A District Transformed

Here’s what makes this race worth watching: the 32nd District is barely recognizable from what it used to be. Under its old boundaries, it voted for Kamala Harris by 24 points. After redistricting, the same territory now leans toward Donald Trump by 18 points. That’s a swing of more than 40 points on paper — and it’s exactly why national Republicans have flagged it as one of five Democratic-held seats they’re targeting for a flip in 2026. The math, at least on the surface, is hard to argue with.

Still, maps don’t vote. People do.

Binkley, for his part, didn’t leave quietly or bitterly. In stepping aside, he threw his weight behind Yarbrough with genuine-sounding enthusiasm. “Jace and his team ran a disciplined campaign, and I am genuinely excited to see what he will accomplish for the people of District 32,” Binkley noted in his withdrawal statement. “Jace has my full support moving forward, and I look forward to seeing him win in November.”

The Man Behind the Nomination

So who is Jace Yarbrough, exactly? Depending on which part of his biography you lead with, the answer changes considerably. He’s a UT Austin and Stanford Law graduate who has spent years in courtrooms challenging vaccine mandates, DEI policies, and what he describes as religious discrimination. He co-founded a classical Christian academy. He’s a father of five. And he’s built his political identity squarely around the America First framework that’s defined Republican politics since 2016.

On his campaign website, Yarbrough frames his candidacy in explicitly Trumpian terms — not as an independent voice, but as reinforcement. “I’m stepping into the arena because President Trump needs reinforcements in DC to help deliver on his promises to the American people,” he wrote, “and keep the radical left from taking us backwards toward a distorted vision of America.”

His policy positions reflect that alignment closely: expanding domestic energy production, national reciprocity for concealed carry permits, opposition to vaccine mandates, legal immigration reform, a harder line on China, and a 100% pro-life stance. He’s also called for ensuring U.S. allies pay their fair share for defense — a recurring Trump-era demand that’s found new life in the current political moment.

The Primary Field That Was

It wasn’t always this clean. Before the March 3 primary, Yarbrough was one of several Republicans competing in what had become a genuinely crowded field. Binkley, Yarbrough, Paul Bondar, Darrell Day, and others squared off in forums and debates, each making the case that the newly drawn district needed their particular brand of leadership. At one candidate forum captured on video, Yarbrough told voters directly: “I’m running for Congress because our district needs leadership that really reflects their values right now.
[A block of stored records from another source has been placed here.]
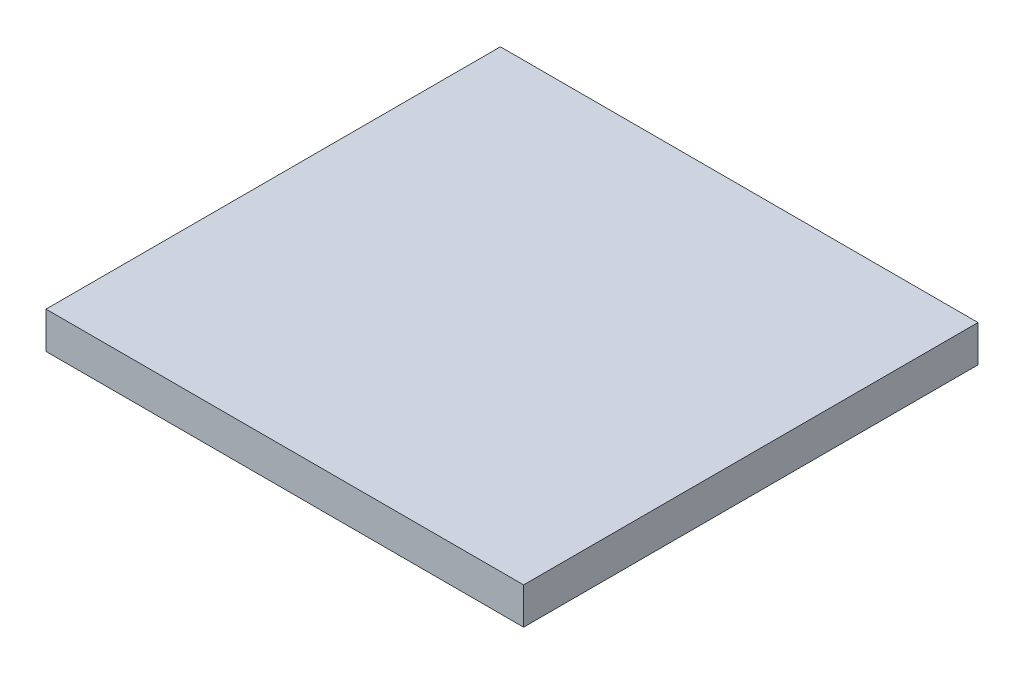
from build123d import *

# Parameters (mm, degrees)
SKETCH1_W           = 39.07
SKETCH1_H           = 37.17
BOSS_EXTRUDE1_DEPTH = 3


with BuildPart() as part:
    # Sketch1 → Boss-Extrude1 (new body)
    with BuildSketch(Plane(origin=(0, 0, 0), x_dir=(1, 0, 0), z_dir=(0, 1, 0))):
        Rectangle(SKETCH1_W, SKETCH1_H)
    extrude(amount=BOSS_EXTRUDE1_DEPTH)


solid = part.part
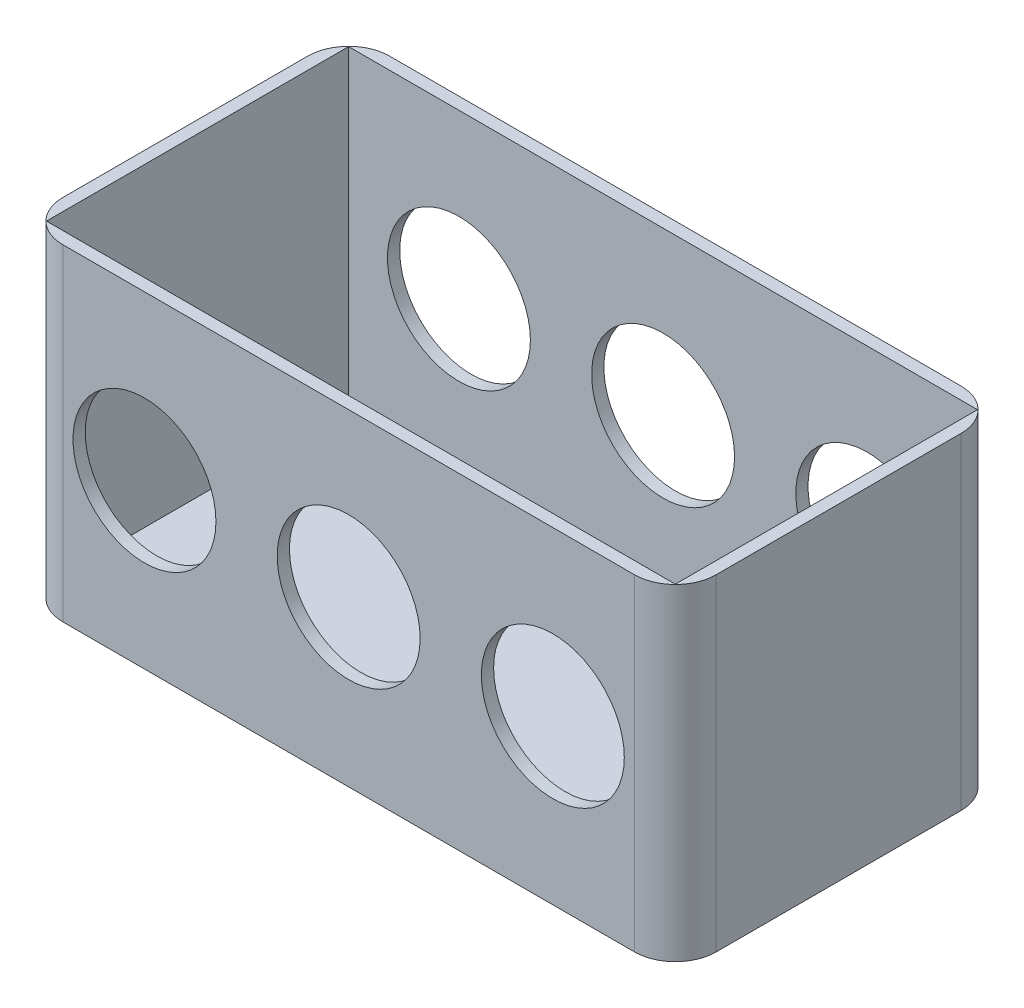
from build123d import *

# Parameters (mm, degrees)
SKETCH1_W           = 160
SKETCH1_H           = 80
BOSS_EXTRUDE1_DEPTH = 80
SHELL1_T            = -3
SKETCH2_R           = 17.5
CUT_EXTRUDE1_DEPTH  = 80
FILLET1_R           = 10


with BuildPart() as part:
    # Sketch1 → Boss-Extrude1 (new body)
    with BuildSketch(Plane(origin=(0, 0, 0), x_dir=(1, 0, 0), z_dir=(0, 1, 0))):
        Rectangle(SKETCH1_W, SKETCH1_H)
    extrude(amount=BOSS_EXTRUDE1_DEPTH)

    # Shell1
    shell1_openings = [part.faces().sort_by_distance(p)[0] for p in [
        (0, 80, 0),
    ]]
    offset(amount=SHELL1_T, openings=shell1_openings, kind=Kind.INTERSECTION)

    # Sketch2 → Cut-Extrude1 (cut)
    with BuildSketch(Plane.XY.offset(40)):
        with Locations((-50, 40)):
            Circle(SKETCH2_R)
        with Locations((0, 40.255057562)):
            Circle(SKETCH2_R)
        with Locations((50, 40)):
            Circle(SKETCH2_R)
    extrude(amount=-CUT_EXTRUDE1_DEPTH, mode=Mode.SUBTRACT)

    # Fillet1
    fillet1_edges = [part.edges().sort_by_distance(p)[0] for p in [
        (80, 40, 40),
        (-80, 40, 40),
        (-80, 40, -40),
        (80, 40, -40),
    ]]
    fillet(fillet1_edges, radius=FILLET1_R)


solid = part.part

As you know, a lot of America is struggling — mainly financially.”

Binkley’s money didn’t save him. He finished second despite pouring millions of his own dollars into the race, then chose to step aside rather than grind through a runoff he apparently didn’t feel he could win. After Yarbrough emerged from the primary with the most votes, all seven of his former opponents — every single one — endorsed him. That kind of consolidation is rare, and it signals something about how unified the local GOP is heading into November.

What Comes Next

The Democratic side of this race still has its own primary process to work through, but whoever emerges will face a fundamentally different electorate than the one that made the 32nd a safe blue seat for years. The district’s transformation isn’t subtle — it’s seismic. And Republicans know it.

That said, flipping a seat on paper and flipping it on election night aren’t the same thing. Democrats will spend money here. They’ll make the case that the district’s character — suburban, educated, economically diverse — doesn’t match the hard-right profile Yarbrough is running on. Whether that argument lands is a question that won’t be answered until November.

For now, Yarbrough heads into the general election with something most candidates spend months trying to build: a unified party, a favorable map, and the kind of momentum that comes from winning without having to fight a second time. Not a bad place to start. Whether it’s enough is another matter entirely.